-------- EXTRACTED ENTRIES

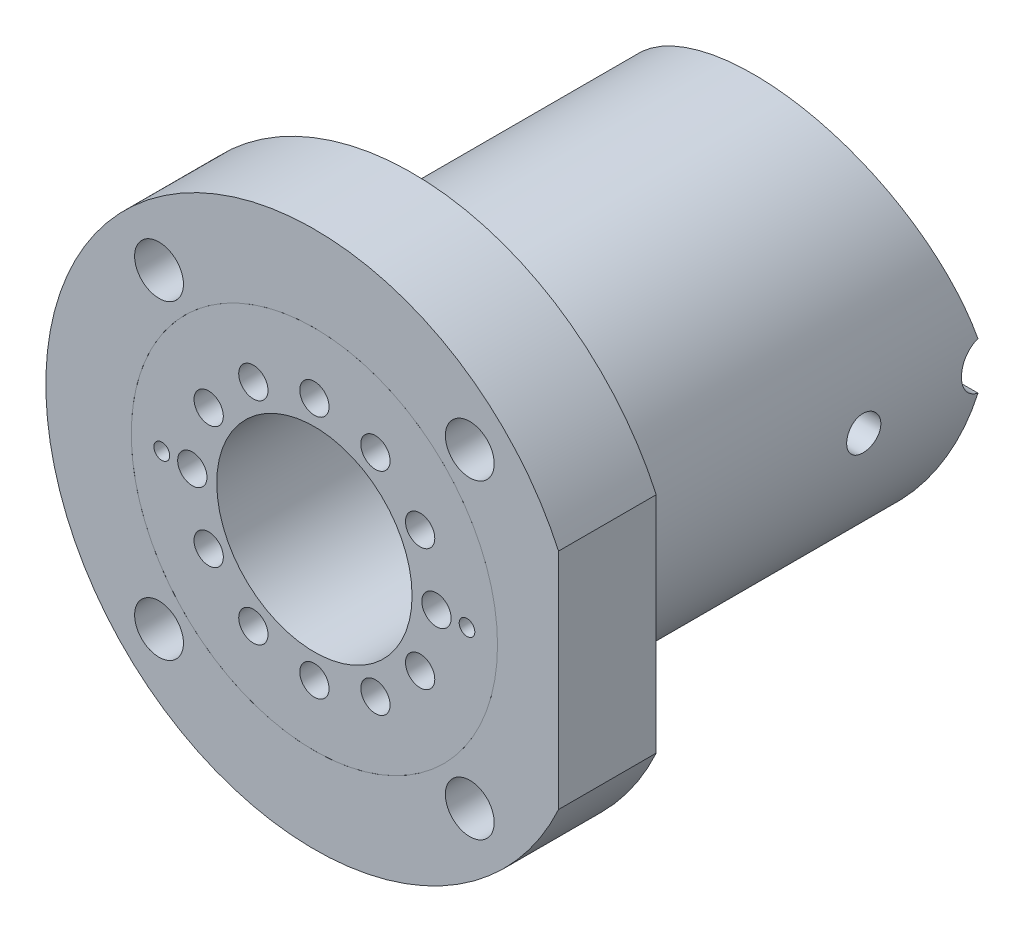
from build123d import *

# Parameters (mm, degrees)
SKETCH_1_R               = 7.5
SKETCH_1_R_2             = 4
SKETCH_1_R_3             = 0.6
SKETCH_1_R_4             = 0.325
SKETCH_1_R_5             = 0.32
EXTRUDE_1_DEPTH          = 20
CUT_EXTRUDE_1_DEPTH      = 23.638462845
SKETCH_3_R               = 7.5
EXTRUDE_2_DEPTH          = 4
SKETCH_5_R               = 1
CUT_EXTRUDE_2_DEPTH      = 4
CUT_EXTRUDE_3_DEPTH      = 10
CUT_EXTRUDE_3_DEPTH_BACK = 10
SKETCH_6_R               = 1
SKETCH_8_R               = 0.7
CUT_EXTRUDE_4_DEPTH      = 1.25
PATTERN_CIRCULAR_1_COUNT = 2


with BuildPart() as part:
    # 草图1 → 凸台-拉伸1 (new body)
    with BuildSketch(Plane.XY):
        Circle(SKETCH_1_R)
        Circle(SKETCH_1_R_2, mode=Mode.SUBTRACT)
        with Locations((0, 5)):
            Circle(SKETCH_1_R_3, mode=Mode.SUBTRACT)
        with Locations((2.5, 4.330127019)):
            Circle(SKETCH_1_R_3, mode=Mode.SUBTRACT)
        with Locations((4.330127019, 2.5)):
            Circle(SKETCH_1_R_3, mode=Mode.SUBTRACT)
        with Locations((5, 0)):
            Circle(SKETCH_1_R_3, mode=Mode.SUBTRACT)
        with Locations((4.330127019, -2.5)):
            Circle(SKETCH_1_R_3, mode=Mode.SUBTRACT)
        with Locations((2.5, -4.330127019)):
            Circle(SKETCH_1_R_3, mode=Mode.SUBTRACT)
        with Locations((0, -5)):
            Circle(SKETCH_1_R_3, mode=Mode.SUBTRACT)
        with Locations((-2.5, -4.330127019)):
            Circle(SKETCH_1_R_3, mode=Mode.SUBTRACT)
        with Locations((-4.330127019, -2.5)):
            Circle(SKETCH_1_R_3, mode=Mode.SUBTRACT)
        with Locations((-5, 0)):
            Circle(SKETCH_1_R_3, mode=Mode.SUBTRACT)
        with Locations((-4.330127019, 2.5)):
            Circle(SKETCH_1_R_3, mode=Mode.SUBTRACT)
        with Locations((-2.5, 4.330127019)):
            Circle(SKETCH_1_R_3, mode=Mode.SUBTRACT)
        with Locations((-6.25, 0)):
            Circle(SKETCH_1_R_4, mode=Mode.SUBTRACT)
        with Locations((6.25, 0)):
            Circle(SKETCH_1_R_5, mode=Mode.SUBTRACT)
    extrude(amount=EXTRUDE_1_DEPTH)

    # 草图2 → 切除-拉伸1 (cut, symmetric)
    with BuildSketch(Plane(origin=(0, 0, 0), x_dir=(0, 0, -1), z_dir=(1, 0, 0))):
        Polygon((0, 0), (-2.009618943, 7.5), (0, 7.5), align=None)
    cut_extrude_1 = extrude(amount=CUT_EXTRUDE_1_DEPTH, both=True, mode=Mode.SUBTRACT)

    # 镜向1: 切除-拉伸1 across plane
    add(cut_extrude_1.mirror(Plane.ZX), mode=Mode.SUBTRACT)

    # 草图6 → 切除-拉伸3 (cut, two sides: drawn at the far end of the back side and taken through both)
    with BuildSketch(Plane(origin=(0, 0, 0), x_dir=(0, 0, -1), z_dir=(1, 0, 0)).offset(-CUT_EXTRUDE_3_DEPTH_BACK)):
        Circle(SKETCH_6_R)
    extrude(amount=CUT_EXTRUDE_3_DEPTH + CUT_EXTRUDE_3_DEPTH_BACK, mode=Mode.SUBTRACT)

    # 草图8 → 切除-拉伸4 (cut)
    with BuildSketch(Plane.ZY.offset(7.5)):
        with Locations((5, 0)):
            Circle(SKETCH_8_R)
    cut_extrude_4 = extrude(amount=-CUT_EXTRUDE_4_DEPTH, mode=Mode.SUBTRACT)

    # 阵列(圆周)1: 切除-拉伸4 ×2 about axis
    pattern_circular_1_axis = Axis((0, 0, 20), (0, 0, -1))
    for i in range(1, PATTERN_CIRCULAR_1_COUNT):
        add(cut_extrude_4.rotate(pattern_circular_1_axis, i * 360 / PATTERN_CIRCULAR_1_COUNT), mode=Mode.SUBTRACT)


with BuildPart() as body_2:
    # 草图3 → 凸台-拉伸2 (new body)
    with BuildSketch(Plane.XY.offset(20)):
        with BuildLine():
            Line((10, 4.582575695), (10, -4.582575695))
            ThreePointArc((10, -4.582575695), (-11, 0), (10, 4.582575695))
        make_face()
        Circle(SKETCH_3_R, mode=Mode.SUBTRACT)
    extrude(amount=-EXTRUDE_2_DEPTH)

    # 草图5 → 切除-拉伸2 (cut)
    with BuildSketch(Plane.XY.offset(20)):
        with Locations((-6.363961031, 6.363961031)):
            Circle(SKETCH_5_R)
        with Locations((6.363961031, 6.363961031)):
            Circle(SKETCH_5_R)
        with Locations((-6.363961031, -6.363961031)):
            Circle(SKETCH_5_R)
        with Locations((6.363961031, -6.363961031)):
            Circle(SKETCH_5_R)
    extrude(amount=-CUT_EXTRUDE_2_DEPTH, mode=Mode.SUBTRACT)


solid = Compound([part.part, body_2.part])

----------------

— YOUR GOAL —
Which lines above include the string "origin"? Show them.

— ANSWER FOR THE TASK —
    with BuildSketch(Plane(origin=(0, 0, 0), x_dir=(0, 0, -1), z_dir=(1, 0, 0))):
    with BuildSketch(Plane(origin=(0, 0, 0), x_dir=(0, 0, -1), z_dir=(1, 0, 0)).offset(-CUT_EXTRUDE_3_DEPTH_BACK)):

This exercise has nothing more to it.